# 2 years after wife EA



## consuk (May 24, 2010)

Married 15 years with two daughters, 11 and 14 years old. We both have good careers and no major money troubles. No drugs, but wife is a bit of an alcoholic and is trying to cut back. I actually got my wife her current job at my BESTFREIND’s company about 8 years ago. 

About 3 years ago I approached my wife with concerns in our marriage: lack of communication, lack of sex and just being “distant” from each other. We agreed to work on the marriage. A few months later I bought a laptop to use at work and checked the online phone bill. I discovered a forest fire of phone calls and text between my wife and BF. Basically the calls were taking place anytime I wasn’t around. There were too many to just be business calls. I knew there was more to it. I bit my tongue and watched the calls/txt fly for a few more months. I even hinted to my wife that I knew she was fooling around with the boss(BF). She would tell me I was wrong and never even ask why I accused her. The calls/txt still didn’t stop. 

At this point my BF and I had not spoken much in the past months and I had had enough. I confronted my wife who told me just that just the past weekend, BF’s wife saw some of the txt on BF phone. According to my wife, BF had to show his wife several months worth of credit card statements to see if they were getting hotels. To this day I have not spoken to BF wife to see what was being said in the txt messages. 

So wife admitted to ONLY sexting with BF and nothing physical ever happened. Their EA lasted about 6 months. I confronted my BF who gave me a mirror story. Of course I had a few unpleasant words for him. We all know that “something happened”!!

Having your wife and BF of 25 years involved in EA is not fun. After about two weeks of hanging my head low, wife told me to simply get over it. She did not want to divorce and I did not either. I was willing to try and recover. 

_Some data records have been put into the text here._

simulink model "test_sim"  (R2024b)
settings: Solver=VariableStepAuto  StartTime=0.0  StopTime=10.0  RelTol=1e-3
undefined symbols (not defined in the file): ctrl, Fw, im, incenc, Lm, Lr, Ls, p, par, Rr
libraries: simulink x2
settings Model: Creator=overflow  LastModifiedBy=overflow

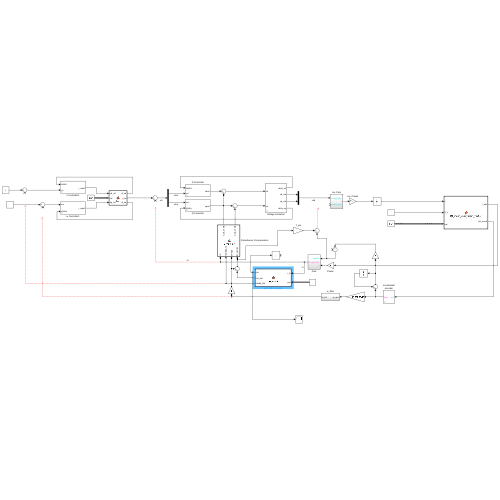
[thumbnail: Simulink's stored preview of the top-level diagram]
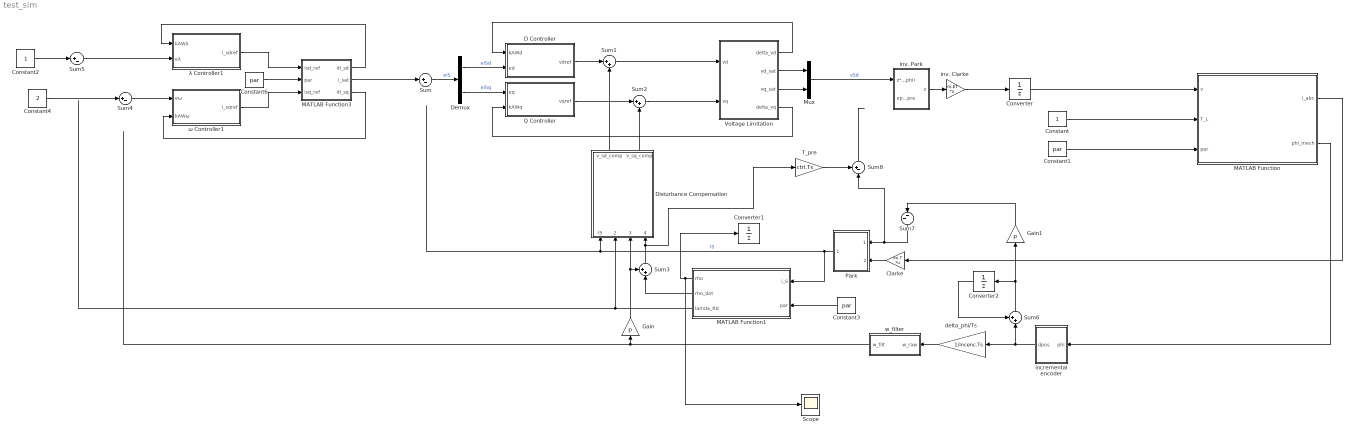
== system test_sim ==
  Clarke : Gain  Gain=im.T  Multiplication=Matrix(K*u)
  Constant : Constant
  Constant1 : Constant  Value=par  OutDataTypeStr=Bus: slBus1
  Constant2 : Constant
  Constant3 : Constant  Value=par  OutDataTypeStr=Bus: slBus1
  Constant4 : Constant  Value=2
  Constant6 : Constant  Value=par  OutDataTypeStr=Bus: slBus1
  Converter : UnitDelay  SampleTime=-1  HasFrameUpgradeWarning=on
  Converter1 : UnitDelay  SampleTime=-1  HasFrameUpgradeWarning=on
  Converter2 : UnitDelay  SampleTime=-1  HasFrameUpgradeWarning=on
  D Controller : Subsystem  mask{Ts=ctrl.Ts, ctrl=ctrl.i}
      mask prompts: Ts "Sampling Time"; ctrl "Controller Struct"
  Demux : Demux  Outputs=2
  Disturbance Compensation : MATLAB Function  TreatAsAtomicUnit=on
  Gain : Gain  Gain=p
  Gain1 : Gain  Gain=p
  MATLAB Function : MATLAB Function  TreatAsAtomicUnit=on
  MATLAB Function1 : MATLAB Function  TreatAsAtomicUnit=on
  MATLAB Function3 : MATLAB Function  TreatAsAtomicUnit=on
  Mux : Mux  Inputs=2
  Park : Subsystem
  Q Controller : Subsystem  mask{Ts=ctrl.Ts, ctrl=ctrl.i}
      mask prompts: Ts "Sampling Time"; ctrl "Controller Struct"
  Scope : Scope
  Sum : Sum  Inputs=|+-
  Sum1 : Sum  Inputs=|++  OutDataTypeStr=double  AccumDataTypeStr=double
  Sum2 : Sum  Inputs=|++  OutDataTypeStr=double  AccumDataTypeStr=double
  Sum3 : Sum  Inputs=++|
  Sum4 : Sum  Inputs=|+-
  Sum5 : Sum  Inputs=|+-
  Sum6 : Sum  Inputs=++|
  Sum7 : Sum  Inputs=--|
  Sum8 : Sum  Inputs=+-|
  T_pre : Gain  Gain=ctrl.Ts  SaturateOnIntegerOverflow=on  OutDataTypeStr=Inherit: Same as input  ParamDataTypeStr=Inherit: Same as input
  Voltage Limitation : Subsystem  mask{Vmax=im.vDC}
      mask prompts: Vmax "Max Voltage"
  delta_phi/Ts : Gain  Gain=1/incenc.Ts  SaturateOnIntegerOverflow=on  OutDataTypeStr=Inherit: Same as input  ParamDataTypeStr=Inherit: Same as input
  incremental encoder : Subsystem  mask{incenc=incenc}
      mask prompts: incenc "Parameterstruct"
  inv. Clarke : Gain  Gain=im.ET  Multiplication=Matrix(K*u)
  inv. Park : Subsystem
  w_filter : Subsystem
  λ Controller1 : Subsystem  mask{Ts=ctrl.Ts, ctrl=ctrl.w}
      mask prompts: Ts "Sampling Time"; ctrl "Controller Struct"
  ω Controller1 : Subsystem  mask{Ts=ctrl.Ts, ctrl=ctrl.w}
      mask prompts: Ts "Sampling Time"; ctrl "Controller Struct"
  wires:
  Demux/1 -> D Controller/2(ed)  "eiSd"
  w_filter/1(w_filt) -> Gain/1
  Sum1/1 -> Voltage Limitation/1(vd)
  Sum3/1 -> T_pre/1, Disturbance Compensation/4(dt_epsilon)
  Disturbance Compensation/1(v_sd_comp) -> Sum1/2
  Voltage Limitation/1(delta_vd) -> D Controller/1(kAWd)
  incremental encoder/1(dpos) -> Sum6/2, delta_phi/Ts/1
  Voltage Limitation/2(vd_sat) -> Mux/1
  T_pre/1 -> Sum8/1
  Voltage Limitation/4(delta_vq) -> Q Controller/2(kAWq)
  MATLAB Function/1(i_abc) -> Clarke/1
  ω Controller1/1(i_sqref) -> MATLAB Function3/3(isq_ref)
  Gain1/1 -> Sum7/2
  Constant/1 -> MATLAB Function/2(T_L)
  Sum4/1 -> ω Controller1/1(eω)
  Sum2/1 -> Voltage Limitation/2("vq ")
  Park/1(z*exp(j*phi)) -> MATLAB Function1/1(i_S), Disturbance Compensation/1(iS)  "iS"
  MATLAB Function1/1(rho) -> Scope/1, Converter1/1
  MATLAB Function1/2(rho_dot) -> Sum3/2
  Sum5/1 -> λ Controller1/2(eλ)
  Constant3/1 -> MATLAB Function1/2(par)
  MATLAB Function3/2(i_sat) -> Sum/1
  MATLAB Function3/1(di_sd) -> λ Controller1/1(kAWλ)
  MATLAB Function/2(phi_mech) -> incremental encoder/1(phi)
  inv. Clarke/1 -> Converter/1
  Constant6/1 -> MATLAB Function3/2(par)
  Demux/2 -> Q Controller/1(eq)  "eiSq"
  Sum8/1 -> ?
  MATLAB Function3/3(di_sq) -> ω Controller1/2(kAWω)
  Clarke/1 -> Park/2(z)
  Converter2/1 -> Sum6/1
  λ Controller1/1(i_sdref) -> MATLAB Function3/1(isd_ref)
  Constant1/1 -> MATLAB Function/3(par)
  MATLAB Function1/3(lamda_Rd) -> Disturbance Compensation/2(lambda_rd)
  Sum7/1 -> Sum8/2, Park/1(-epsilon)
  Sum/1 -> Demux/1  "eiS"
  Converter/1 -> MATLAB Function/1(v)
  Mux/1 -> inv. Park/1(z*exp(j*phi))  "vSd"
  Disturbance Compensation/2(v_sq_comp) -> Sum2/2
  Q Controller/1(vqref) -> Sum2/1
  inv. Park/1(z) -> inv. Clarke/1
  Gain/1 -> Sum3/1, Disturbance Compensation/3(omega)
  D Controller/1(vdref) -> Sum1/1
  Sum6/1 -> Gain1/1, Converter2/1
  Voltage Limitation/3(vq_sat) -> Mux/2
  Constant2/1 -> Sum5/1
  Constant4/1 -> Sum4/1
  delta_phi/Ts/1 -> w_filter/1(w_raw)

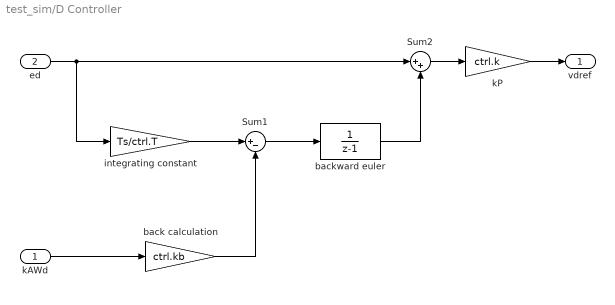
== system test_sim/D Controller ==
  kAWd : Inport
  ed : Inport  Port=2
  Sum1 : Sum  Inputs=|+-
  Sum2 : Sum  Inputs=|++
  back calculation : Gain  Gain=ctrl.kb
  backward euler : DiscreteTransferFcn  Denominator=[1 -1]
  integrating constant : Gain  Gain=Ts/ctrl.T
  kP : Gain  Gain=ctrl.k
  vdref : Outport
  wires:
  Sum1/1 -> backward euler/1
  integrating constant/1 -> Sum1/1
  back calculation/1 -> Sum1/2
  ed/1 -> integrating constant/1, Sum2/1
  Sum2/1 -> kP/1
  kP/1 -> vdref/1
  backward euler/1 -> Sum2/2
  kAWd/1 -> back calculation/1

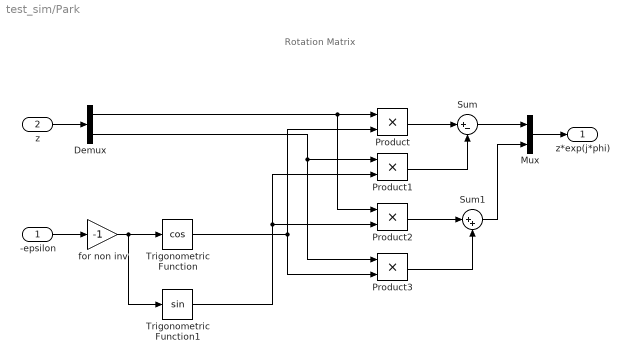
== system test_sim/Park ==
  note: Rotation Matrix
  -epsilon : Inport
  z : Inport  Port=2
  Demux : Demux  Outputs=2
      settings: DisplayOption=none
  Mux : Mux  Inputs=2
  Product{,1..3} (4 alike) : Product  SaturateOnIntegerOverflow=on  OutDataTypeStr=Inherit: Same as first input
  Sum : Sum  Inputs=|+-  SaturateOnIntegerOverflow=on
  Sum1 : Sum  Inputs=|++  SaturateOnIntegerOverflow=on
  Trigonometric Function : Trigonometry  Operator=cos
  Trigonometric Function1 : Trigonometry
  for non inv : Gain  Gain=-1
  z*exp(j*phi) : Outport  PortDimensions=2  VectorParamsAs1DForOutWhenUnconnected=off
  wires:
  Mux/1 -> z*exp(j*phi)/1
  Sum1/1 -> Mux/2
  Sum/1 -> Mux/1
  Product3/1 -> Sum1/2
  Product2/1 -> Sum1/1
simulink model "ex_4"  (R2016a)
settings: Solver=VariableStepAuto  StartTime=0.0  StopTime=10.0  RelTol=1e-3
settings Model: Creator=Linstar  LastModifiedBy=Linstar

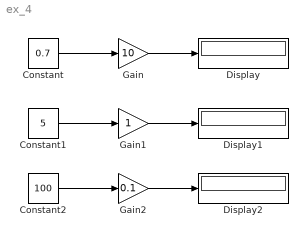
== system ex_4 ==
  Constant : Constant  Value=0.7
  Constant1 : Constant  Value=5
  Constant2 : Constant  Value=100
  Display : Display
  Display1 : Display
  Display2 : Display
  Gain : Gain  Gain=10
  Gain1 : Gain
  Gain2 : Gain  Gain=0.1
  wires:
  Constant/1 -> Gain/1
  Gain/1 -> Display/1
  Constant1/1 -> Gain1/1
  Gain1/1 -> Display1/1
  Constant2/1 -> Gain2/1
  Gain2/1 -> Display2/1

Two years later, wife still works there with him. I have asked her 100’s of times to quit, she refuses because its good money. I have told her that it’s a slap in my face every day. She has provided very little details of her involvement with him. Back in November my adult-step daughter admitted to me that my wife told her about her and BF relationship prior to me confronting my wife. She felt it was wrong and I needed to know. I told her I already knew about it. I left for about a week but returned for my kids.

Wife is now talking to another old friend of mine, related to her job, but always erases text messages before she gets home. She says they are just friends. A few months ago wife was coming home late. I had someone go by where she works and only two cars were in the parking lot, hers and old friend. After listening to her story about how she had to stay after work with several other employees, I confronted her about why only her car and his car was there. Well… I never really got a straight answer. I left for about a week and returned for the kids.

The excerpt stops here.